FECIF Advisory Committee Member
A PEPP saga update: pep or dud?
FECIF readers are now familiar with the European project to create a cross-border market for individual pension savings, the Pan-European Personal Pensions (PEPP) initiative.
Since this initiative first surfaced about three years ago, there has been remarkable consensus about how relevant and worthy it is, and very little practical results so far. Indeed, one could be forgiven for expressing a deep, sceptical sigh after the announcement at the end of February that the ECON committee of the European Parliament had agreed on the final version of the PEPP regulation, that can now proceed to the formal vote in plenary session.
So, what is the score on the PEPP? Is it making good progress towards creating a pan-European market for third-pillar pensions, helping Europeans build a nest egg for retirement and shoring up the Capital Market Union (CMU)?
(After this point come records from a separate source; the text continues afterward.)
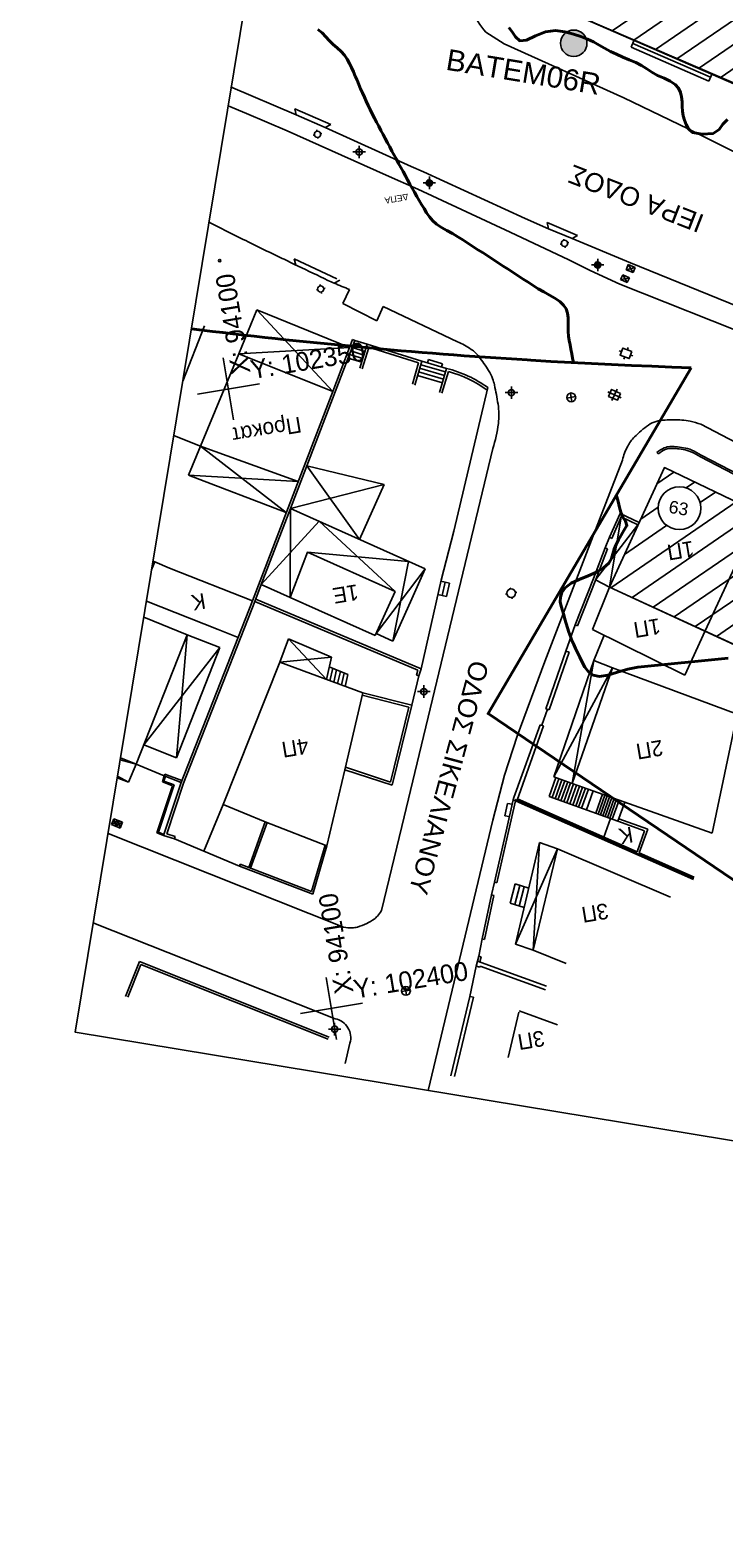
# Model space of a CAD drawing. Header units: metres. Extents: x 93017 to 94633, y 101979 to 102793.
# Drawn here: x 94049.69 to 94060.74, y 102336.74 to 102360.57 of the extents above; entities that cross this region are included whole.
import ezdxf
from ezdxf.enums import TextEntityAlignment as Align

# ---------------------------------------------------------------- set-up
doc = ezdxf.new("R2010")
doc.units = ezdxf.units.M
doc.header["$LTSCALE"] = 0.75
doc.header["$MEASUREMENT"] = 0
doc.header["$PDMODE"] = 34
doc.header["$PDSIZE"] = 0.1
doc.linetypes.add('DIAK1-1', pattern=[2, 1, -1])
for name, color, linetype in [('CG_BR', 253, 'Continuous'), ('CG_DIAF', 253, 'Continuous'), ('CG_ER', 253, 'ER'), ('CG_FREATIO', 252, 'Continuous'), ('CG_KG', 253, 'KG'), ('CG_KR', 253, 'Continuous'), ('CG_KT', 253, 'Continuous'), ('CG_KTISMATA_TXT', 252, 'Continuous'), ('CG_MD', 253, 'Continuous'), ('CG_SBL_BA', 8, 'DIAK1-1'), ('CG_SBL_BS', 253, 'Continuous'), ('CG_SK', 253, 'Continuous'), ('CG_STA-KYK', 8, 'Continuous'), ('CG_STA-SHM', 8, 'Continuous'), ('CG_USER', 253, 'Continuous'), ('COREBOREHOLES', 6, 'Continuous'), ('GEOLOGY', 7, 'Continuous'), ('GSLAYER', 7, 'Continuous'), ('HATCH DIAKINDYNEYSHS', 112, 'Continuous'), ('KANABOS', 8, 'Continuous'), ('NORTH', 8, 'Continuous'), ('OTM Solid 252', 252, 'Continuous'), ('OTM Text 0.25', 2, 'Continuous'), ('ΖΩΝΗ ΕΠΙΡΡΟΗΣ', 1, 'Continuous'), ('ΚΤΗΡΙΑ', 7, 'Continuous')]:
    doc.layers.add(name, color=color, linetype=linetype)
doc.styles.add('ARIAL', font='ARIAL.TTF')
doc.styles.add('GRSIMP', font='grsimp')
doc.styles.add('KTISMATA', font='win-sim.shx')
doc.linetypes.add('ER', pattern='A,1e-05,[104,OrizLt.shx,S=1,R=0,X=0,Y=0],-2', length=2.00001)
doc.linetypes.add('KG', pattern='A,5,-0.5,[114,OrizLt.shx,S=1,R=0,X=0,Y=0.5],-0.5', length=6)
pattern_1 = [(214.4408012, (109260.27855, 125634.61407), (0.1795635333, -0.2618457323), [])]

# ---------------------------------------------------------------- blocks, each defined once
blk = doc.blocks.new('FR-FVT')
at = {"layer": 'CG_FREATIO'}
for p, q in [((100047.73, 96581.47), (100049.33, 96581.47)), ((100047.73, 96579.87), (100047.73, 96581.47)), ((100047.73, 96580.67), (100049.33, 96580.67)), ((100047.73, 96579.87), (100049.33, 96579.87)), ((100047.93, 96580.07), (100047.93, 96581.27)), ((100047.93, 96581.27), (100049.13, 96581.27)), ((100047.93, 96580.07), (100049.13, 96580.07)), ((100048.53, 96579.87), (100048.53, 96581.47)), ((100049.13, 96580.07), (100049.13, 96581.27)), ((100049.33, 96579.87), (100049.33, 96581.47))]:
    blk.add_line(p, q, dxfattribs=at)
at = {"layer": 'CG_USER'}
blk.add_point((100048.53, 96580.67), dxfattribs=at)
blk = doc.blocks.new('SHM_STA')
at = {"layer": 'CG_STA-KYK'}
blk.add_circle((0, 0), 0.4, dxfattribs=at)
at = {"layer": 'CG_STA-SHM'}
blk.add_point((0, 0), dxfattribs=at)
blk = doc.blocks.new('ARI_KAN')
at = {"layer": 'OTM Solid 252', "style": 'GRSIMP'}
blk.add_text('X:', height=1.5, rotation=90, dxfattribs=at).set_placement((1.2, 1), align=Align.MIDDLE_LEFT)
blk.add_text('Y:', height=1.5, dxfattribs=at).set_placement((2, 1.2), align=Align.MIDDLE_LEFT)
blk.add_attdef('X', text='', height=1.5, rotation=90, dxfattribs=at).set_placement((1.2, 3.5), align=Align.MIDDLE_LEFT)
blk.add_attdef('Y', text='', height=1.5, dxfattribs=at).set_placement((4.5, 1.2), align=Align.MIDDLE_LEFT)
blk = doc.blocks.new('cross')
at = {"layer": 'GEOLOGY', "color": 6}
for p, q in [((11345.51, -2144.54), (11345.51, -2149.54)), ((11343.01, -2147.04), (11348.01, -2147.04))]:
    blk.add_line(p, q, dxfattribs=at)

msp = doc.modelspace()

# ---------------------------------------------------------------- hatches: boundary and pattern name
at = {"layer": 'COREBOREHOLES'}
h = msp.add_hatch(color=253, dxfattribs=at)
edge = h.paths.add_edge_path()
edge.add_arc((94058.344, 102360.356), 0.211, 0, 360)
at = {"layer": 'HATCH DIAKINDYNEYSHS', "ltscale": 15}
h = msp.add_hatch(dxfattribs=at)
h.set_pattern_fill('ANSI31', color=256, scale=0.1, angle=529.4408, style=0)
h.set_pattern_definition(pattern_1)
h.paths.add_polyline_path([(94064.514, 102358.135), (94057.796, 102361.061), (94059.43, 102365.276), (94060.866, 102364.761), (94060.069, 102362.422), (94065.423, 102360.401), (94064.664, 102358.188)])
h.paths.add_polyline_path([(94066.37, 102363.254), (94065.815, 102361.625), (94062.267, 102362.981), (94062.33, 102363.171), (94061.826, 102363.341), (94061.986, 102363.816), (94061.797, 102363.88), (94062.036, 102364.589), (94062.729, 102364.356), (94062.783, 102364.513)])
h = msp.add_hatch(dxfattribs=at)
h.set_pattern_fill('ANSI31', color=256, scale=0.1, angle=529.4408, style=0)
h.set_pattern_definition(pattern_1)
h.paths.add_polyline_path([(94062.595, 102352.254), (94062.009, 102350.268), (94058.911, 102351.697), (94059.787, 102353.599)])
edge = h.paths.add_edge_path(flags=17)
edge.add_arc((94062.54, 102351.104), 0.341, 0, 360)
edge = h.paths.add_edge_path(flags=16)
edge.add_arc((94061.941, 102352.056), 0.341, 0, 360)
edge = h.paths.add_edge_path(flags=16)
edge.add_arc((94060.027, 102352.952), 0.341, 0, 360)
edge = h.paths.add_edge_path()
edge.add_line((94062.009, 102350.268), (94062.499, 102350.041))
edge.add_line((94062.499, 102350.041), (94063.05, 102351.91))
edge.add_line((94063.05, 102351.91), (94062.79, 102351.982))
edge.add_line((94062.79, 102351.982), (94062.582, 102352.209))
edge.add_line((94062.582, 102352.209), (94062.009, 102350.268))
edge.add_line((94062.009, 102350.268), (94062.499, 102350.041))

# ---------------------------------------------------------------- linework, layer by layer
at = {"layer": 'CG_BR'}
for p, q in [((94053.297, 102356.11), (94054.776, 102355.513)), ((94053.371, 102351.737), (94053.835, 102352.949)), ((94055.981, 102351.985), (94053.835, 102352.949)), ((94055.769, 102351.507), (94055.981, 102351.985)), ((94058.911, 102351.697), (94058.693, 102351.813)), ((94053.828, 102351.532), (94053.371, 102351.737)), ((94055.467, 102350.836), (94055.769, 102351.507)), ((94053.806, 102350.871), (94053.665, 102350.5)), ((94054.489, 102350.581), (94053.806, 102350.871)), ((94055.467, 102350.836), (94055.198, 102350.957)), ((94058.664, 102350.525), (94058.83, 102350.929)), ((94054.489, 102350.581), (94054.406, 102350.227)), ((94058.025, 102348.674), (94058.664, 102350.525)), ((94058.664, 102350.525), (94058.963, 102350.413)), ((94051.381, 102348.877), (94051.257, 102348.591)), ((94051.257, 102348.591), (94051.078, 102348.661)), ((94058.319, 102348.569), (94058.025, 102348.674)), ((94057.416, 102346.011), (94057.801, 102347.627)), ((94058.084, 102347.529), (94057.801, 102347.627)), ((94057.699, 102345.913), (94057.416, 102346.011))]:
    msp.add_line(p, q, dxfattribs=at)
at = {"layer": 'CG_DIAF'}
for p, q in [((94053.903, 102359.313), (94053.926, 102359.216)), ((94054.388, 102359.014), (94054.475, 102359.063)), ((94057.921, 102357.5), (94057.944, 102357.402)), ((94058.319, 102357.245), (94058.405, 102357.297)), ((94053.896, 102356.923), (94053.919, 102356.825)), ((94054.529, 102356.537), (94054.619, 102356.582))]:
    msp.add_line(p, q, dxfattribs=at)
at = {"layer": 'CG_DIAF', "linetype": 'DIAK1-1'}
for p, q in [((94053.903, 102359.313), (94054.475, 102359.063)), ((94057.921, 102357.5), (94058.405, 102357.297)), ((94053.896, 102356.923), (94054.619, 102356.582))]:
    msp.add_line(p, q, dxfattribs=at)
at = {"layer": 'CG_ER'}
for p, q in [((94058.911, 102351.697), (94059.787, 102353.599)), ((94059.787, 102353.599), (94062.595, 102352.254)), ((94060.437, 102350.999), (94061.301, 102352.874))]:
    msp.add_line(p, q, dxfattribs=at)
at = {"layer": 'CG_FREATIO'}
for p, q in [((94054.253, 102358.976), (94054.256, 102358.956)), ((94054.215, 102358.898), (94054.195, 102358.895)), ((94054.273, 102358.857), (94054.276, 102358.837)), ((94054.334, 102358.918), (94054.314, 102358.915)), ((94058.148, 102357.162), (94058.128, 102357.158)), ((94058.186, 102357.239), (94058.189, 102357.219)), ((94058.205, 102357.12), (94058.208, 102357.101)), ((94058.266, 102357.181), (94058.246, 102357.178)), ((94059.211, 102356.833), (94059.177, 102356.749)), ((94059.322, 102356.788), (94059.211, 102356.833)), ((94059.211, 102356.833), (94059.288, 102356.704)), ((94059.123, 102356.671), (94059.088, 102356.595)), ((94059.088, 102356.595), (94059.23, 102356.618)), ((94059.197, 102356.545), (94059.088, 102356.595)), ((94059.232, 102356.622), (94059.123, 102356.671)), ((94059.123, 102356.671), (94059.197, 102356.545)), ((94059.177, 102356.749), (94059.322, 102356.788)), ((94059.288, 102356.704), (94059.177, 102356.749)), ((94059.232, 102356.622), (94059.197, 102356.545)), ((94059.322, 102356.788), (94059.288, 102356.704)), ((94054.268, 102356.435), (94054.248, 102356.432)), ((94054.306, 102356.513), (94054.309, 102356.493)), ((94054.326, 102356.394), (94054.329, 102356.374)), ((94054.386, 102356.455), (94054.367, 102356.452)), ((94059.105, 102355.446), (94059.067, 102355.46)), ((94059.156, 102355.362), (94059.141, 102355.325)), ((94059.212, 102355.512), (94059.198, 102355.475)), ((94059.287, 102355.377), (94059.249, 102355.391)), ((94058.374, 102354.729), (94058.236, 102354.706)), ((94058.294, 102354.786), (94058.316, 102354.648)), ((94059.101, 102354.71), (94058.887, 102354.804)), ((94059.034, 102354.848), (94058.953, 102354.666)), ((94057.279, 102351.587), (94057.259, 102351.584)), ((94057.333, 102351.687), (94057.336, 102351.667)), ((94057.437, 102351.613), (94057.417, 102351.61)), ((94057.359, 102351.529), (94057.362, 102351.51)), ((94051.021, 102348.008), (94050.985, 102347.915)), ((94050.985, 102347.915), (94051.092, 102347.98)), ((94051.162, 102347.953), (94051.021, 102348.008)), ((94051.092, 102347.98), (94051.021, 102348.008)), ((94051.055, 102347.887), (94051.021, 102348.008)), ((94051.055, 102347.887), (94051.092, 102347.98)), ((94051.092, 102347.98), (94051.126, 102347.86)), ((94051.126, 102347.86), (94050.985, 102347.915)), ((94051.162, 102347.953), (94051.055, 102347.887)), ((94051.126, 102347.86), (94051.055, 102347.887)), ((94051.162, 102347.953), (94051.126, 102347.86)), ((94055.742, 102345.277), (94055.604, 102345.254)), ((94055.661, 102345.335), (94055.684, 102345.197))]:
    msp.add_line(p, q, dxfattribs=at)
for points in [[(94059.271, 102355.447), (94059.126, 102355.502), (94059.083, 102355.39), (94059.228, 102355.335)], [(94059.088, 102354.781), (94058.947, 102354.843), (94058.899, 102354.733), (94059.04, 102354.671)]]:
    msp.add_lwpolyline(points, close=True, dxfattribs=at)
for centre, radius in [((94054.265, 102358.906), 0.05), ((94058.197, 102357.17), 0.05), ((94052.709, 102356.894), 0.02), ((94054.317, 102356.443), 0.05), ((94058.305, 102354.717), 0.07), ((94057.348, 102351.598), 0.07), ((94055.673, 102345.266), 0.07)]:
    msp.add_circle(centre, radius, dxfattribs=at)
at = {"layer": 'CG_KG'}
for p, q in [((94052.468, 102355.856), (94052.121, 102354.976)), ((94056.978, 102354.873), (94056.437, 102352.586)), ((94052.387, 102353.948), (94051.978, 102354.111)), ((94056.437, 102352.586), (94056.232, 102351.807)), ((94058.846, 102352.322), (94058.911, 102352.489)), ((94056.232, 102351.807), (94055.913, 102350.396)), ((94058.217, 102350.678), (94058.368, 102351.094)), ((94055.878, 102350.282), (94055.767, 102349.814)), ((94057.836, 102349.495), (94057.927, 102349.75)), ((94051.381, 102348.877), (94051.825, 102348.692)), ((94052.454, 102347.489), (94051.987, 102347.689)), ((94052.454, 102347.489), (94053.022, 102347.255)), ((94057.035, 102346.794), (94057.082, 102346.997)), ((94056.831, 102345.819), (94056.884, 102346.093)), ((94056.689, 102345.179), (94056.789, 102345.66))]:
    msp.add_line(p, q, dxfattribs=at)
at = {"layer": 'CG_KR'}
for p, q in [((94057.235, 102360.347), (94056.947, 102360.533)), ((94059.141, 102359.487), (94057.235, 102360.347)), ((94053.926, 102359.216), (94052.883, 102359.662)), ((94060.163, 102358.994), (94059.141, 102359.487)), ((94052.844, 102359.361), (94053.134, 102359.238)), ((94053.134, 102359.238), (94053.784, 102358.961)), ((94054.388, 102359.014), (94053.926, 102359.216)), ((94053.784, 102358.961), (94055.357, 102358.258)), ((94055.756, 102358.395), (94054.388, 102359.014)), ((94061.409, 102358.372), (94060.163, 102358.994)), ((94055.357, 102358.258), (94055.86, 102358.032)), ((94055.95, 102358.309), (94055.756, 102358.395)), ((94057.569, 102357.567), (94055.95, 102358.309)), ((94055.86, 102358.032), (94057.331, 102357.347)), ((94057.944, 102357.402), (94057.569, 102357.567)), ((94057.331, 102357.347), (94058.265, 102356.905)), ((94058.319, 102357.245), (94057.944, 102357.402)), ((94058.319, 102357.245), (94059.246, 102356.861)), ((94058.265, 102356.905), (94058.608, 102356.736)), ((94061.347, 102356.006), (94059.246, 102356.861)), ((94058.608, 102356.736), (94059.077, 102356.519)), ((94054.776, 102356.434), (94054.668, 102356.21)), ((94059.077, 102356.519), (94062.063, 102355.33)), ((94054.668, 102356.21), (94055.208, 102355.938)), ((94055.208, 102355.938), (94055.308, 102356.165)), ((94055.308, 102356.165), (94056.492, 102355.604)), ((94060.366, 102354.289), (94062.386, 102353.239)), ((94057.055, 102353.901), (94056.752, 102352.643)), ((94058.651, 102352.51), (94059.118, 102353.718)), ((94056.752, 102352.643), (94055.61, 102347.882)), ((94057.882, 102350.514), (94058.651, 102352.51)), ((94057.445, 102349.324), (94057.882, 102350.514)), ((94057.241, 102348.699), (94057.445, 102349.324)), ((94051.825, 102348.692), (94051.796, 102348.596)), ((94051.825, 102348.692), (94051.836, 102348.72)), ((94052.095, 102348.587), (94051.825, 102348.692)), ((94057.168, 102348.413), (94057.241, 102348.699)), ((94051.709, 102347.782), (94051.958, 102348.533)), ((94051.958, 102348.533), (94051.796, 102348.596)), ((94052.763, 102348.237), (94052.454, 102347.489)), ((94057.057, 102347.986), (94057.168, 102348.413)), ((94056.791, 102346.873), (94057.057, 102347.986)), ((94054.681, 102346.281), (94050.931, 102347.77)), ((94051.814, 102347.74), (94051.709, 102347.782)), ((94055.61, 102347.882), (94055.283, 102346.544)), ((94056.029, 102343.681), (94056.791, 102346.873)), ((94050.696, 102346.348), (94050.704, 102346.345)), ((94050.704, 102346.345), (94054.544, 102344.821)), ((94054.781, 102344.432), (94054.707, 102344.109))]:
    msp.add_line(p, q, dxfattribs=at)
at = {"layer": 'CG_KR', "flags": 128}
for points in [[(94079.354, 102343.79, 0.000001), (94076.787, 102345.638, 0.000007), (94076.272, 102346.009, 0.000072)], [(94078.306, 102345.533, -0.000003), (94080.419, 102344.009, -0.000361)], [(94056.492, 102355.604, -0.051612), (94056.713, 102355.482, -0.076909), (94056.836, 102355.365, -0.025191), (94056.989, 102355.144, -0.047828), (94057.052, 102355.017, -0.039091), (94057.082, 102354.915, -0.013349), (94057.139, 102354.61, -0.068177), (94057.145, 102354.3, -0.051576), (94057.055, 102353.901)], [(94059.118, 102353.718, -0.057932), (94059.203, 102353.94, -0.075892), (94059.31, 102354.087, -0.041258), (94059.533, 102354.277, -0.09077), (94059.654, 102354.334, -0.051808), (94059.8, 102354.357, -0.028606), (94060.067, 102354.356, -0.039501), (94060.195, 102354.338, -0.028986), (94060.366, 102354.289)], [(94055.283, 102346.544, -0.039275), (94055.218, 102346.456, -0.061928), (94055.167, 102346.409, -0.042115), (94055.048, 102346.34, -0.037229), (94054.903, 102346.283, -0.070773), (94054.815, 102346.27, -0.04648), (94054.681, 102346.281)]]:
    msp.add_lwpolyline(points, format="xyb", dxfattribs=at)
at = {"layer": 'CG_KR'}
msp.add_lwpolyline([(94052.539, 102357.509, 0.007021), (94052.87, 102357.338, 0.003621), (94053.543, 102357.007, 0.000144), (94053.796, 102356.885, 0.000296), (94053.919, 102356.825, 0.001046), (94053.955, 102356.808, 0.000079), (94054.432, 102356.581, 0.009702), (94054.529, 102356.537, 0.003884), (94054.776, 102356.434)], format="xyb", dxfattribs=at)
for points in [[(94052.106, 102348.615), (94051.836, 102348.72)], [(94051.82, 102347.759), (94051.734, 102347.794), (94051.983, 102348.545)], [(94051.844, 102348.685), (94051.82, 102348.608), (94051.983, 102348.545)]]:
    msp.add_lwpolyline(points, dxfattribs=at)
for centre, radius, start, end in [((94057.725, 102361.243), 1.054, 177.6662, 222.3884), ((94054.489, 102344.521), 0.306, 343.1085, 79.628)]:
    msp.add_arc(centre, radius, start, end, dxfattribs=at)
at = {"layer": 'CG_KT'}
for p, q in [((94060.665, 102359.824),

Or will it remain a list of good intentions, with no practical impact?
Recent progress on PEPP is very encouraging
FECIF and its pensions think-tank FEPI have been very supportive of the PEPP initiative from the very beginning, because we believe it lies at the heart of what matters to our clients, long-term financial security, and therefore at the heart of the mission of our members, helping and advising clients.
However, we also made it clear from the beginning that the PEPP would only succeed if it
covered the basics for a long-term investment product: taxation (attractive, clear and stable), product structure (simple and portable), choice of investment (default and more elaborate options), consumer information and advice.
The PEPP regulation voted recently in ECON committee has been hailed as a major step forward, and it has indeed made good progress on two of the essential topics flagged by FEPI: choice of investment and information & advice.
The investment profile for the ‘basic PEPP’, likely to be used by a large proportion of consumers, will be lifecycle-based. This is probably the best way to ensure a good balance between long-term performance and risk control, without imposing on consumers the high hidden costs of a permanent capital guarantee. We must ensure nonetheless that these investment profiles are monitored over time, and that they can be amended from time to time as circumstances evolve and new tools become available.
On information and advice, the progress has been spectacular. The initial draft from 2016 pretty much assumed that financial advice was an evil that had to be eradicated at all costs. The latest version seems to have realised that overloading clients with a deluge of confusing information without personalised advice was likely to end up in paralysis. The proposed regulation now expects advice to be given, except in the simplest of cases.
Many important points still missing
Regardless of the merits of the current PEPP regulation, it remains alarmingly silent on taxation. Although taxation is the single most important driver for the success of any savings product, this aspect has been ruled out of the PEPP. Obviously, taxation is a prerogative of the Member States, not the European Commission or European Parliament, and this is a sensitive point these days. However, FEPI and FECIF had made proposals to give the PEPP a clear tax advantage without requiring any change in local taxation. We still hope these can be revived, but until then this current proposal looks like a dud.
Product design is also a collateral victim of the tax debate. As no tax harmonization was attempted around the PEPP, the issue was swept under the carpet by creating national compartments within the PEPP to accommodate local tax rules. The likely impact, unfortunately, is that no consumer will go for a product that is just one more wrapper around an existing local product, and no provider will develop a cross-border product that requires the maintenance of local compartments, piling layers of complexity and cost.
As such, I believe that as long as these two issues are not tackled, PEPP will have no material impact on savers or providers. Instead, it will remain a theoretical construction, generating lots of talk in Brussels but no value to consumers.
It is for this reason that FECIF, and particularly FEPI, will continue to demonstrate the importance of these aspects to all relevant stakeholders and remind them of the ease and simplicity of our solution. The more people who work with and support that project, the more effective it will be. Success would mean significant business opportunities for insurance companies, investment houses and pension operations. Over to you!